ZECHARIAH WAS ENGAGED in the building of the temple. When its foundations were laid, it struck everybody as being a very small edifice compared with the former glorious structure of Solomon. The friends of the enterprise lamented that it should be so small; the foes of it rejoiced and uttered strong expressions of contempt. Both friends and foes doubted whether, even on that small scale, the structure would ever be completed. They might lay the foundations, and they might rear the walls a little way, but they were too feeble a folk, possessed of too little riches and too little strength, to carry out the enterprise. It was the day of small things. Friends trembled; foes jeered. But the prophet rebuked them both–rebuked the unbelief of friends, and the contempt of enemies, by this question, "Who hath despised the day of small things?" and by a subsequent prophecy which removed the fear.

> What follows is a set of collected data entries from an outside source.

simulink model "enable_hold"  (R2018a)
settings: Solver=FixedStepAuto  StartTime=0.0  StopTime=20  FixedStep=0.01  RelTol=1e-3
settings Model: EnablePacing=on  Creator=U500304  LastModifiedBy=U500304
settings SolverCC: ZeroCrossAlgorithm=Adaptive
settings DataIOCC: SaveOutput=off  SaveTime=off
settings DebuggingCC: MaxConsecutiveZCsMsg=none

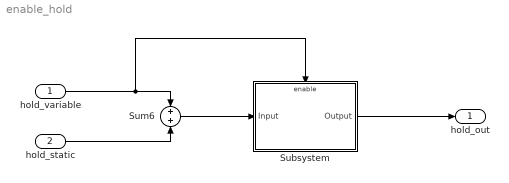
== system enable_hold ==
  hold_variable : Inport  OutDataTypeStr=double  PortDimensions=1  SampleTime=0
  hold_static : Inport  Port=2  OutDataTypeStr=double  PortDimensions=1
  Subsystem : Subsystem
  Sum6 : Sum
  hold_out : Outport  OutDataTypeStr=double  PortDimensions=1  SampleTime=0
  wires:
  Sum6/1 -> Subsystem/1(Input)
  Subsystem/1(Output) -> hold_out/1
  hold_static/1 -> Sum6/2
  hold_variable/1 -> Subsystem/Enable, Sum6/1

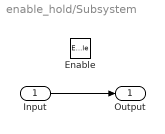
== system enable_hold/Subsystem ==
  Input : Inport
  Enable : EnablePort
  Output : Outport
  wires:
  Input/1 -> Output/1
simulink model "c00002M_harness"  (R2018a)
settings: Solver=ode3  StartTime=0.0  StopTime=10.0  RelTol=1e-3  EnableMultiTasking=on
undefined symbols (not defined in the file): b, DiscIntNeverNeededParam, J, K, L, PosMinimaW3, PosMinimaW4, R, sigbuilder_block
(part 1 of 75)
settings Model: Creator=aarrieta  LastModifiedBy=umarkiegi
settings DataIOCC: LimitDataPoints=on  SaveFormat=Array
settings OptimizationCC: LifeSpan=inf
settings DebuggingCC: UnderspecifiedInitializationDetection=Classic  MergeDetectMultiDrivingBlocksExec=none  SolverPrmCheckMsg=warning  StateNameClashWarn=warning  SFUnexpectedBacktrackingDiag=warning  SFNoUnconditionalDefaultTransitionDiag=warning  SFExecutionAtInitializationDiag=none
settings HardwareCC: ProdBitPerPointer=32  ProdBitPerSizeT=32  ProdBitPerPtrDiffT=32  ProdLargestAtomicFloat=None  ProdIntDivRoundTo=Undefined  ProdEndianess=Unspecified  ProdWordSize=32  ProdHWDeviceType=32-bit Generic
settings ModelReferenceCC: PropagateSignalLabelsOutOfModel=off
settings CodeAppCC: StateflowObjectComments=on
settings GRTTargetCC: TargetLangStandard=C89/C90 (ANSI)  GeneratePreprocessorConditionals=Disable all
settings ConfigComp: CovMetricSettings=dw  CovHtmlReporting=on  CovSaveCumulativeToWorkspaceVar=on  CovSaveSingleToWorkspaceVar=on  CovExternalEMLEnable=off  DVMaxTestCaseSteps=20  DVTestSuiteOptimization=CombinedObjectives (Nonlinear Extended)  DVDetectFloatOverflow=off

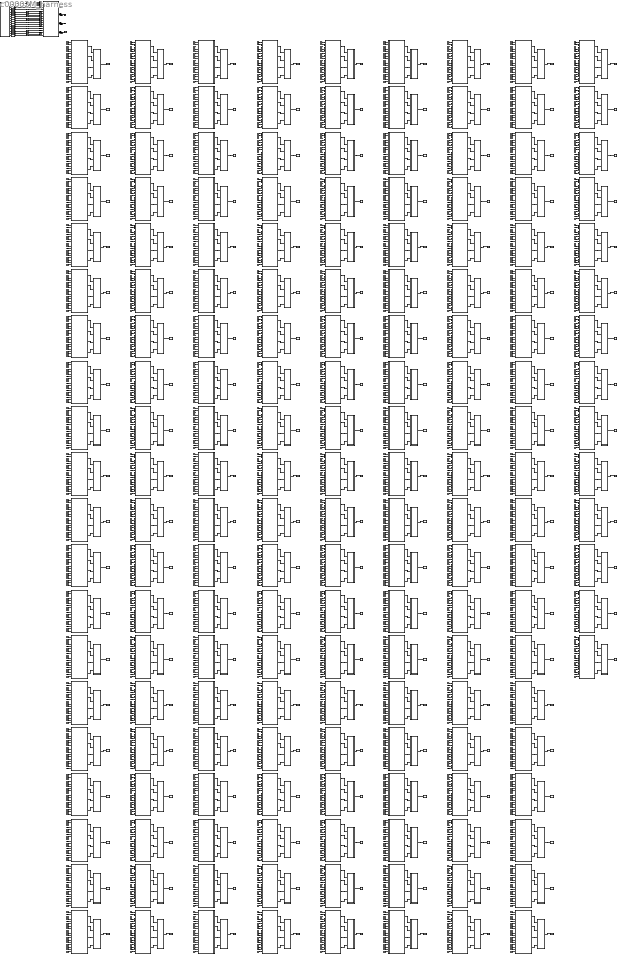
== system c00002M_harness ==
  CPSUT : Subsystem
  Eval : Subsystem
  Eval1 : Subsystem
  Eval10 : Subsystem
  Eval100 : Subsystem
  Eval101 : Subsystem
  Eval102 : Subsystem
  Eval103 : Subsystem
  Eval104 : Subsystem
  Eval105 : Subsystem
  Eval106 : Subsystem
  Eval107 : Subsystem
  Eval108 : Subsystem
  Eval109 : Subsystem
  Eval11 : Subsystem
  Eval110 : Subsystem
  Eval111 : Subsystem
  Eval112 : Subsystem
  Eval113 : Subsystem
  Eval114 : Subsystem
  Eval115 : Subsystem
  Eval116 : Subsystem
  Eval117 : Subsystem
  Eval118 : Subsystem
  Eval119 : Subsystem
  Eval12 : Subsystem
  Eval120 : Subsystem
  Eval121 : Subsystem
  Eval122 : Subsystem
  Eval123 : Subsystem
  Eval124 : Subsystem
  Eval125 : Subsystem
  Eval126 : Subsystem
  Eval127 : Subsystem
  Eval128 : Subsystem
  Eval129 : Subsystem
  Eval13 : Subsystem
  Eval130 : Subsystem
  Eval131 : Subsystem
  Eval132 : Subsystem
  Eval133 : Subsystem
  Eval134 : Subsystem
  Eval135 : Subsystem
  Eval136 : Subsystem
  Eval137 : Subsystem
  Eval138 : Subsystem
  Eval139 : Subsystem
  Eval14 : Subsystem
  Eval140 : Subsystem
  Eval141 : Subsystem
  Eval142 : Subsystem
  Eval143 : Subsystem
  Eval144 : Subsystem
  Eval145 : Subsystem
  Eval146 : Subsystem
  Eval147 : Subsystem
  Eval148 : Subsystem
  Eval149 : Subsystem
  Eval15 : Subsystem
  Eval150 : Subsystem
  Eval151 : Subsystem
  Eval152 : Subsystem
  Eval153 : Subsystem
  Eval154 : Subsystem
  Eval155 : Subsystem
  Eval156 : Subsystem
  Eval157 : Subsystem
  Eval158 : Subsystem
  Eval159 : Subsystem
  Eval16 : Subsystem
  Eval160 : Subsystem
  Eval161 : Subsystem
  Eval162 : Subsystem
  Eval163 : Subsystem
  Eval164 : Subsystem
  Eval165 : Subsystem
  Eval166 : Subsystem
  Eval167 : Subsystem
  Eval168 : Subsystem
  Eval169 : Subsystem
  Eval17 : Subsystem
  Eval170 : Subsystem
  Eval171 : Subsystem
  Eval172 : Subsystem
  Eval173 : Subsystem
  Eval18 : Subsystem
  Eval19 : Subsystem
  Eval2 : Subsystem
  Eval20 : Subsystem
  Eval21 : Subsystem
  Eval22 : Subsystem
  Eval23 : Subsystem
  Eval24 : Subsystem
  Eval25 : Subsystem
  Eval26 : Subsystem
  Eval27 : Subsystem
  Eval28 : Subsystem
  Eval29 : Subsystem
  Eval3 : Subsystem
  Eval30 : Subsystem
  Eval31 : Subsystem
  Eval32 : Subsystem
  Eval33 : Subsystem
  Eval34 : Subsystem
  Eval35 : Subsystem
  Eval36 : Subsystem
  Eval37 : Subsystem
  Eval38 : Subsystem
  Eval39 : Subsystem
  Eval4 : Subsystem
  Eval40 : Subsystem
  Eval41 : Subsystem
  Eval42 : Subsystem
  Eval43 : Subsystem
  Eval44 : Subsystem
  Eval45 : Subsystem
  Eval46 : Subsystem
  Eval47 : Subsystem
  Eval48 : Subsystem
  Eval49 : Subsystem
  Eval5 : Subsystem
  Eval50 : Subsystem
  Eval51 : Subsystem
  Eval52 : Subsystem
  Eval53 : Subsystem
  Eval54 : Subsystem
  Eval55 : Subsystem
  Eval56 : Subsystem
  Eval57 : Subsystem
  Eval58 : Subsystem
  Eval59 : Subsystem
  Eval6 : Subsystem
  Eval60 : Subsystem
  Eval61 : Subsystem
  Eval62 : Subsystem
  Eval63 : Subsystem
  Eval64 : Subsystem
  Eval65 : Subsystem
  Eval66 : Subsystem
  Eval67 : Subsystem
  Eval68 : Subsystem
  Eval69 : Subsystem
  Eval7 : Subsystem
  Eval70 : Subsystem
  Eval71 : Subsystem
  Eval72 : Subsystem
  Eval73 : Subsystem
  Eval74 : Subsystem
  Eval75 : Subsystem
  Eval76 : Subsystem
  Eval77 : Subsystem
  Eval78 : Subsystem
  Eval79 : Subsystem
  Eval8 : Subsystem
  Eval80 : Subsystem
  Eval81 : Subsystem
  Eval82 : Subsystem
  Eval83 : Subsystem
  Eval84 : Subsystem
  Eval85 : Subsystem
  Eval86 : Subsystem
  Eval87 : Subsystem
  Eval88 : Subsystem
  Eval89 : Subsystem
  Eval9 : Subsystem
  Eval90 : Subsystem
  Eval91 : Subsystem
  Eval92 : Subsystem
  Eval93 : Subsystem
  Eval94 : Subsystem
  Eval95 : Subsystem
  Eval96 : Subsystem
  Eval97 : Subsystem
  Eval98 : Subsystem
  Eval99 : Subsystem
  Inputs : Subsystem  Tag=STV Subsys  LoadFcn=sigbuilder_block('load');  StartFcn=sigbuilder_block('start');  StopFcn=sigbuilder_block('stop');  ClipboardFcn=sigbuilder_block('clipboard');  mask(Sigbuilder block){tuvar=[0:10]}
      mask init:
      | if ~strcmp(get_param(bdroot(gcb),'SimulationStatus'),'stopped'),tuvar = sigbuilder_block('maskInit'); end
      settings: CopyFcn=sigbuilder_block('copy');  DeleteFcn=sigbuilder_block('delete');  ModelCloseFcn=sigbuilder_block('modelClose');  PreSaveFcn=sigbuilder_block('preSave');  PauseFcn=sigbuilder_block('pause');  ContinueFcn=sigbuilder_block('continue');  NameChangeFcn=sigbuilder_block('namechange');  OpenFcn=sigbuilder_block('open');  CloseFcn=sigbuilder_block('close');
      mask Display: plot(0, 0, 100, 100,[2, 2, 32, 32, 2], [68, 8, 8, 68, 68],[32, 2], [38, 38], [32, 19, 2],[53, 60, 44], [32, 17, 17, 2],[16, 16, 31, 31]);txt = getActiveGroup(gcbh);text(2, 100, txt,'verticalAlignment', 'top');
  M001 : Subsystem
  M002 : Subsystem
  M003 : Subsystem
  M004 : Subsystem
  M005 : Subsystem
  M006 : Subsystem
  M007 : Subsystem
  M008 : Subsystem
  M009 : Subsystem
  M010 : Subsystem
  M011 : Subsystem
  M012 : Subsystem
  M013 : Subsystem
  M014 : Subsystem
  M015 : Subsystem
  M016 : Subsystem
  M017 : Subsystem
  M018 : Subsystem
  M019 : Subsystem
  M020 : Subsystem
  M021 : Subsystem
  M022 : Subsystem
  M023 : Subsystem
  M024 : Subsystem
  M025 : Subsystem
  M026 : Subsystem
  M027 : Subsystem
  M028 : Subsystem
  M029 : Subsystem
  M030 : Subsystem
  M031 : Subsystem
  M032 : Subsystem
  M033 : Subsystem
  M034 : Subsystem
  M035 : Subsystem
  M036 : Subsystem
  M037 : Subsystem
  M038 : Subsystem
  M039 : Subsystem
  M040 : Subsystem
  M041 : Subsystem
  M042 : Subsystem
  M043 : Subsystem
  M044 : Subsystem
  M045 : Subsystem
  M046 : Subsystem
  M047 : Subsystem
  M048 : Subsystem
  M049 : Subsystem
  M050 : Subsystem
  M051 : Subsystem
  M052 : Subsystem
  M053 : Subsystem
  M054 : Subsystem
  M055 : Subsystem
  M056 : Subsystem
  M057 : Subsystem
  M058 : Subsystem
  M059 : Subsystem
  M060 : Subsystem
  M061 : Subsystem
  M062 : Subsystem
  M063 : Subsystem
  M064 : Subsystem
  M065 : Subsystem
  M066 : Subsystem
  M067 : Subsystem
  M068 : Subsystem
  M069 : Subsystem
  M070 : Subsystem
  M071 : Subsystem
  M072 : Subsystem
  M073 : Subsystem
  M074 : Subsystem
  M075 : Subsystem
  M076 : Subsystem
  M077 : Subsystem
  M078 : Subsystem
  M079 : Subsystem
  M080 : Subsystem
  M081 : Subsystem
  M082 : Subsystem
  M083 : Subsystem
  M084 : Subsystem
  M085 : Subsystem
  M086 : Subsystem
  M087 : Subsystem
  M088 : Subsystem
  M089 : Subsystem
  M090 : Subsystem
  M091 : Subsystem
  M092 : Subsystem
  M093 : Subsystem
  M094 : Subsystem
  M095 : Subsystem
  M096 : Subsystem
  M097 : Subsystem
  M098 : Subsystem
  M099 : Subsystem
  M100 : Subsystem
  M101 : Subsystem
  M102 : Subsystem
  M103 : Subsystem
  M104 : Subsystem
  M105 : Subsystem
  M106 : Subsystem
  M107 : Subsystem
  M108 : Subsystem
  M109 : Subsystem
  M110 : Subsystem
  M111 : Subsystem
  M112 : Subsystem
  M113 : Subsystem
  M114 : Subsystem
  M115 : Subsystem
  M116 : Subsystem
  M117 : Subsystem
  M118 : Subsystem
  M119 : Subsystem
  M120 : Subsystem
  M121 : Subsystem
  M122 : Subsystem
  M123 : Subsystem
  M124 : Subsystem
  M125 : Subsystem
  M126 : Subsystem
  M127 : Subsystem
  M128 : Subsystem
  M129 : Subsystem
  M130 : Subsystem
  M131 : Subsystem
  M132 : Subsystem
  M133 : Subsystem
  M134 : Subsystem
  M135 : Subsystem
  M136 : Subsystem
  M137 : Subsystem
  M138 : Subsystem
  M139 : Subsystem
  M140 : Subsystem
  M141 : Subsystem
  M142 : Subsystem
  M143 : Subsystem
  M144 : Subsystem
  M145 : Subsystem
  M146 : Subsystem
  M147 : Subsystem
  M148 : Subsystem
  M149 : Subsystem
  M150 : Subsystem
  M151 : Subsystem
  M152 : Subsystem
  M153 : Subsystem
  M154 : Subsystem
  M155 : Subsystem
  M156 : Subsystem
  M157 : Subsystem
  M158 : Subsystem
  M159 : Subsystem
  M160 : Subsystem
  M161 : Subsystem
  M162 : Subsystem
  M163 : Subsystem
  M164 : Subsystem
  M165 : Subsystem
  M166 : Subsystem
  M167 : Subsystem
  M168 : Subsystem
  M169 : Subsystem
  M170 : Subsystem
  M171 : Subsystem
  M172 : Subsystem
  M173 : Subsystem
  M174 : Subsystem
  To Workspace : ToWorkspace  VariableName=mutant001  SampleTime=-1
  To Workspace1 : ToWorkspace  VariableName=mutant002  SampleTime=-1
  To Workspace10 : ToWorkspace  VariableName=mutant011  SampleTime=-1
  To Workspace100 : ToWorkspace  VariableName=mutant101  SampleTime=-1
  To Workspace101 : ToWorkspace  VariableName=mutant102  SampleTime=-1
  To Workspace102 : ToWorkspace  VariableName=mutant103  SampleTime=-1
  To Workspace103 : ToWorkspace  VariableName=mutant104  SampleTime=-1
  To Workspace104 : ToWorkspace  VariableName=mutant105  SampleTime=-1
  To Workspace105 : ToWorkspace  VariableName=mutant106  SampleTime=-1
  To Workspace106 : ToWorkspace  VariableName=mutant107  SampleTime=-1
  To Workspace107 : ToWorkspace  VariableName=mutant108  SampleTime=-1
  To Workspace108 : ToWorkspace  VariableName=mutant109  SampleTime=-1
  To Workspace109 : ToWorkspace  VariableName=mutant110  SampleTime=-1
  To Workspace11 : ToWorkspace  VariableName=mutant012  SampleTime=-1
  To Workspace110 : ToWorkspace  VariableName=mutant111  SampleTime=-1
  To Workspace111 : ToWorkspace  VariableName=mutant112  SampleTime=-1
  To Workspace112 : ToWorkspace  VariableName=mutant113  SampleTime=-1
  To Workspace113 : ToWorkspace  VariableName=mutant114  SampleTime=-1
  To Workspace114 : ToWorkspace  VariableName=mutant115  SampleTime=-1
  To Workspace115 : ToWorkspace  VariableName=mutant116  SampleTime=-1
  To Workspace116 : ToWorkspace  VariableName=mutant117  SampleTime=-1
  To Workspace117 : ToWorkspace  VariableName=mutant118  SampleTime=-1
  To Workspace118 : ToWorkspace  VariableName=mutant119  SampleTime=-1
  To Workspace119 : ToWorkspace  VariableName=mutant120  SampleTime=-1
  To Workspace12 : ToWorkspace  VariableName=mutant013  SampleTime=-1
  To Workspace120 : ToWorkspace  VariableName=mutant121  SampleTime=-1
  To Workspace121 : ToWorkspace  VariableName=mutant122  SampleTime=-1
  To Workspace122 : ToWorkspace  VariableName=mutant123  SampleTime=-1
  To Workspace123 : ToWorkspace  VariableName=mutant124  SampleTime=-1
  To Workspace124 : ToWorkspace  VariableName=mutant125  SampleTime=-1
  To Workspace125 : ToWorkspace  VariableName=mutant126  SampleTime=-1
  To Workspace126 : ToWorkspace  VariableName=mutant127  SampleTime=-1
  To Workspace127 : ToWorkspace  VariableName=mutant128  SampleTime=-1
  To Workspace128 : ToWorkspace  VariableName=mutant129  SampleTime=-1
  To Workspace129 : ToWorkspace  VariableName=mutant130  SampleTime=-1
  To Workspace13 : ToWorkspace  VariableName=mutant014  SampleTime=-1
  To Workspace130 : ToWorkspace  VariableName=mutant131  SampleTime=-1
  To Workspace131 : ToWorkspace  VariableName=mutant132  SampleTime=-1
  To Workspace132 : ToWorkspace  VariableName=mutant133  SampleTime=-1
  To Workspace133 : ToWorkspace  VariableName=mutant134  SampleTime=-1
  To Workspace134 : ToWorkspace  VariableName=mutant135  SampleTime=-1
  To Workspace135 : ToWorkspace  VariableName=mutant136  SampleTime=-1
  To Workspace136 : ToWorkspace  VariableName=mutant137  SampleTime=-1
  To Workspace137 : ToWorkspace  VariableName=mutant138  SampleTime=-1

Now we shall use this question at this time for the comfort of two sorts of people–first, for weak believers, and secondly, for feeble workers. Our object shall be the strengthening of the hands that hang down, and the confirming of the feeble knees. We will begin, first of all, with:–

I. WEAK BELIEVERS

Let us describe them. It is with them a day of small things. Probably you have only been lately brought into the family of God. A few months ago you were a stranger to the divine life, and to the things of God. You have been born again, and you have the weakness of the infant. You are not strong yet, as you will be when you have grown in grace and in the knowledge of our Lord and Saviour Jesus Christ. It is the early day with you, and it is also the day of small things. Now your knowledge is small. My dear brother, you have not been a Bible student long: thank God that you know yourself a sinner, and Christ your Saviour. That is precious knowledge; but you feel now what you once would not have confessed–your own ignorance of the things of God. Especially do the deep things of God trouble you. There are some doctrines that are very simple to other believers that appear to be mysterious, and even to be depressing to you.

They are high–you cannot attain to them. They are to you what hard nuts would be to children, whose teeth have not yet appeared. Well, be not at all alarmed about this. All the men in God's family have once been children too. There are some that seem to be born with knowledge–Christians that come to a height in Christ very rapidly. But these are only here and there. Israel did not produce a Samson every day. Most have to go through a long period of spiritual infancy and youth. And, alas! There are but few in the Church, even now, who might be called fathers there. Do not marvel, therefore, if you are somewhat small in your knowledge. Your discernment, too, is small. It is possible that anybody with a fluent tongue would lead you into error. You have, however, discernment, if you are a child of God, sufficient to be kept from deadly errors, for though there are some who would, if it were possible, deceive even the very elect, yet the elect cannot be deceived, for, the life of God being in them, they discern between the precious and the vile–they choose not the things of the world, but they follow after the things of God. Your discernment, however, seeming so small, need not afflict you. It is by reason of use, when the senses are exercised, that we fully discern between all that is good and all that is evil.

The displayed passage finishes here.